A couple of particularly noteworthy observations came during November. Nicholas Farelly (15 Nov) comments: “If you watch the Burmese media closely then you already know that there have been some simply remarkable changes in the past year.  I can’t think of any time (since 1962, at least) when so much has happened to shift perceptions of the country. It is remarkable, and important, that the media is now free(er) to play a vital role in helping keep the public informed about the country’s political, economic and social changes.”

And in a powerful article, an Inside Story correspondent (1 Nov) observes that “the scepticism of many international pundits is strikingly absent in Rangoon. Here, a new air of openness is drawing many people into the political process ... which the military unveiled to such opprobrium in 2003.”

This correspondent sums up the surprise of many: “I felt betrayed, and naive for having hoped that an election process so obviously flawed could usher in any sort of significant, positive change. But that is precisely what has happened.
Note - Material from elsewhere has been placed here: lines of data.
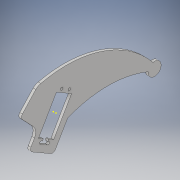
# Autodesk Inventor part: Part3
Saved by Autodesk Inventor 2019 (Build 230136000, 136)
## iProperties
Created: 2023-04-15
Part Number: Part3
Material: Generic
Document SubType Name: Modeling
Designer: Analuam
Density: 1 g/cm^3
Appearance: Default
Author: Analuam
Autodesk Inventor part; units mm, degrees
ref_plane "YZ Plane" through (0, 0, 0) normal (1, 0, 0) x (0, 1, 0)
ref_plane "XZ Plane" through (0, 0, 0) normal (0, 1, 0) x (-1, 0, 0)
ref_plane "XY Plane" through (0, 0, 0) normal (0, 0, 1) x (1, 0, 0)
sketch "Sketch1" plane through (0, 0, 0) normal (1, 0, 0) x (0, 1, 0)
  line L0 (-19.3456, 28.7283) -> (-12.1815, 24.5921)
  line L1 (-11.5536, -13.0731) -> (-35.4981, 0.7513)
  line L2 (-36.9622, 6.2154) -> (-24.8097, 27.2642)
  line L3 (-0.2893, 26.0068) -> (12.8245, 38.4809)
  arc A0 (-19.3456, 28.7283) -> (-24.8097, 27.2642) centre (-21.3456, 25.2642) ccw
  arc A1 (-12.1815, 24.5921) -> (-0.2893, 26.0068) centre (-7.1815, 33.2523) ccw
  line L4 (18.2952, 38.5212) -> (34.9263, 23.1612)
  arc A2 (18.2952, 38.5212) -> (12.8245, 38.4809) centre (15.5813, 35.5827) ccw
  arc A3 (38.0158, 17.396) -> (34.9263, 23.1612) centre (28.1415, 15.815) ccw
  line L5 (-14.9818, 20.1875) -> (20.5253, -0.3125)
  line L6 (20.5253, -0.3125) -> (10.5253, -17.633)
  line L7 (10.5253, -17.633) -> (-24.9818, 2.867)
  circle A4 centre (20.9698, -6.3427) radius 1.5
  circle A5 centre (15.9698, -15.0029) radius 1.5
  arc A6 (-19.1272, 16.8073) -> (-21.727, 18.3044) centre (-20.4271, 17.5559) ccw
  arc A7 (-26.7253, 9.6471) -> (-24.1272, 8.1471) centre (-25.4262, 8.8971) ccw
  line L8 (-21.7318, 8.4961) -> (-23.3772, 9.4461)
  line L9 (-24.9818, 2.867) -> (-21.7318, 8.4961)
  line L10 (-18.2318, 14.5583) -> (-14.9818, 20.1875)
  line L11 (-26.7253, 9.6471) -> (-21.7253, 18.3073)
  line L12 (-19.8772, 15.5083) -> (-18.2318, 14.5583)
  line L13 (-19.1272, 16.8073) -> (-19.8772, 15.5083)
  line L14 (-23.3772, 9.4461) -> (-24.1272, 8.1471)
  arc A8 (-11.5536, -105.0286) -> (-5.2043, -110.6419) centre (-12.4778, -112.4714) ccw
  arc A9 (-11.5536, -105.0286) -> (-11.5536, -13.0731) centre (-124.6127, -59.0508) ccw
  arc A10 (-5.2043, -110.6419) -> (38.0158, 17.396) centre (-86.2024, -11.9868) ccw
  arc A11 (-36.9622, 6.2154) -> (-35.4981, 0.7513) centre (-33.4981, 4.2154) ccw
  circle A12 centre (-11.8158, 5.9264) radius 2.6887
  line L15 (-11.8447, 5.8764) -> (38.9266, -23.4364)
  line L16 (38.9266, -23.4364) -> (-12.4778, -112.4714)
  line L17 (-12.4778, 5.8764) -> (-12.4778, -112.4714)
  point P0 (0, 0)
  point P1 (22.6035, 14.6658)
  point P2 (37.4247, 20.8538)
  dimension "d15" = 4
  dimension "d16" = 10
  dimension "d20" = 4
  dimension "d22" = 10
  dimension "d24" = 41
  dimension "d25" = 20
  dimension "d27" = 3.4
  dimension "d36" = 15
  dimension "d37" = 4
  dimension "d40" = 90
  constraints: 36 end point, 21 point on circle, 13 centre point, 9 tangent, 5 parallel, 2 perpendicular, 2 point on line
  measures "d15" radius of A0
  measures "d16" radius of A1
  measures "d20" radius of A2
  measures "d22" radius of A3
  measures "d24" distance of L6.end L7.end
  measures "d25" distance of L5.end L6.end
  measures "d27" distance from line of L6 A4.centre
  measures "d36" diameter of A8
  measures "d37" radius of A11
  measures "d40" angle of L16 L15
sketch "Sketch2" plane through (0, 0, 0) normal (1, 0, 0) x (0, 1, 0)
  point P0 (0, 0)
extrude "Extrusion1" add sketch "Sketch1" along normal blind 3 contours L0 A1 L3 A2 L4 A3 A10 A8 L17 L16 L15 L6 L5 L10 L12 L13 A6 L11 A7 L14 L8 L9 L7 L1 A11 L2 A0 | L17 L7 L6 L15 L16 A8 A9 L1
sketch "Sketch3" plane through (3, 0, 0) normal (1, 0, 0) x (0, 0, -1)
  point P0 (0, 0)
body "Solid1"

And, most dramatically, many foes of the former regime – including Aung San Suu Kyi – are rolling the dice and throwing their support behind President Thein Sein and his government, seeing them as the best last chance to break Burma’s decades-old political deadlock.”

True, there are many potential motivations behind the decision to suspend construction of the Myitsone Dam, but, as the Inside Story writer notes, on the one hand, this move “sent a strong signal to both China and the West: Thein Sein wants Burma’s international relationships to be better balanced”. On the other, “what was most striking was the broad-based anti-dam movement that found its voice in the weeks leading up to the 30 September announcement. For the first time since the 1988 uprising, the many groups that make up Burma’s notoriously fractious opposition movement had come together on a single issue.”

Pragmatism involves trying to steer a course between euphoria and scepticism, seeking out not the highest moral ground, but rather what might best work for continued positive change in what is still a very fragile and constrained situation. 

It involves compromise – and the ability to live with history. As one activist from the “88 Generation” explains to the Inside Story correspondent quoted above: “I have suffered a great deal myself. But from these bitter experiences I realised that we cannot achieve what we want with hatred. We need a situation where everybody wins, including the military. They are our brothers as well.”

Another “activist-turned-educator” agrees “that in every negotiation process we have to try and understand the other side’s interests, and we must make their interests our interests... Whatever worries them, we have to find out what it is and eliminate it.”

These are good strategies for pragmatists everywhere…

Some of the recent commentary has focused on Aung San Suu Kyi, and the need for a “deft touch” in playing what is a rather new political game (27 Oct). Andrew Selth writes (23 Nov): “Burma's pro-democracy forces have endured terrible privations over the past 23 years to get to this position. Now that it is here, however, they may find that the real work has only just begun. The existence of an undisguised military dictatorship guilty of appalling human rights abuses offered them a simple choice. The decision whether or not to trust a hybrid civilian-military government that seems to promise incremental reform and national reconciliation is much more difficult.

This, of course – albeit less starkly, and certainly less prominently – is the kind of choice SEA’s civil society activists face every day. 

The biggest fly in the ointment is still the ethnic issue. As a new International Crisis Group report (30 Nov) makes clear, recent conciliatory moves “mark one of the most significant moments in the six decades of conflict”, but still “lasting peace is still not assured”. If ever there was a situation where pragmatism needs to prevail, this is it.